[Dataset records]
"""
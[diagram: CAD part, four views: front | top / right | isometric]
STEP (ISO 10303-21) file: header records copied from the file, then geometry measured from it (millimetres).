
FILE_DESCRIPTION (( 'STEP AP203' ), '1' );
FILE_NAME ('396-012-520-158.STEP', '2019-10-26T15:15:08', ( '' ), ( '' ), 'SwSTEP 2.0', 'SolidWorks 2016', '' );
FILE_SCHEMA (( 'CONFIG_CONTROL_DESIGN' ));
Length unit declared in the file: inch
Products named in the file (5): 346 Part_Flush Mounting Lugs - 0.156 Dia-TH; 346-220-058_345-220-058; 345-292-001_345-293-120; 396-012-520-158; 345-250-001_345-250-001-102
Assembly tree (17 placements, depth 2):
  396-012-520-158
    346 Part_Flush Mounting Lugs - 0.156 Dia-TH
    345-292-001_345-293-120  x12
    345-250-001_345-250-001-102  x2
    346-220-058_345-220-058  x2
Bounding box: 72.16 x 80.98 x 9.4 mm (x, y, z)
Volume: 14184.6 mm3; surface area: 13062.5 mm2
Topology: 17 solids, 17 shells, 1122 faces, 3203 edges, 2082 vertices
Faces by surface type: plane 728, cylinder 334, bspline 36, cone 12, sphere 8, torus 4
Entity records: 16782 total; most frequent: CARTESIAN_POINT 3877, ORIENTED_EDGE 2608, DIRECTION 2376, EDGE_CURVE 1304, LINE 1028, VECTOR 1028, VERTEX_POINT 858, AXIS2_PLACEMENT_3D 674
"""
YOUR GOAL - Your response should consist of the data above, duplicated exactly.

OUTPUT BELOW -
[diagram: CAD part, four views: front | top / right | isometric]
STEP (ISO 10303-21) file: header records copied from the file, then geometry measured from it (millimetres).
FILE_DESCRIPTION (( 'STEP AP203' ), '1' );
FILE_NAME ('396-012-520-158.STEP', '2019-10-26T15:15:08', ( '' ), ( '' ), 'SwSTEP 2.0', 'SolidWorks 2016', '' );
FILE_SCHEMA (( 'CONFIG_CONTROL_DESIGN' ));
Length unit declared in the file: inch
Products named in the file (5): 346 Part_Flush Mounting Lugs - 0.156 Dia-TH; 346-220-058_345-220-058; 345-292-001_345-293-120; 396-012-520-158; 345-250-001_345-250-001-102
Assembly tree (17 placements, depth 2):
  396-012-520-158
    346 Part_Flush Mounting Lugs - 0.156 Dia-TH
    345-292-001_345-293-120  x12
    345-250-001_345-250-001-102  x2
    346-220-058_345-220-058  x2
Bounding box: 72.16 x 80.98 x 9.4 mm (x, y, z)
Volume: 14184.6 mm3; surface area: 13062.5 mm2
Topology: 17 solids, 17 shells, 1122 faces, 3203 edges, 2082 vertices
Faces by surface type: plane 728, cylinder 334, bspline 36, cone 12, sphere 8, torus 4
Entity records: 16782 total; most frequent: CARTESIAN_POINT 3877, ORIENTED_EDGE 2608, DIRECTION 2376, EDGE_CURVE 1304, LINE 1028, VECTOR 1028, VERTEX_POINT 858, AXIS2_PLACEMENT_3D 674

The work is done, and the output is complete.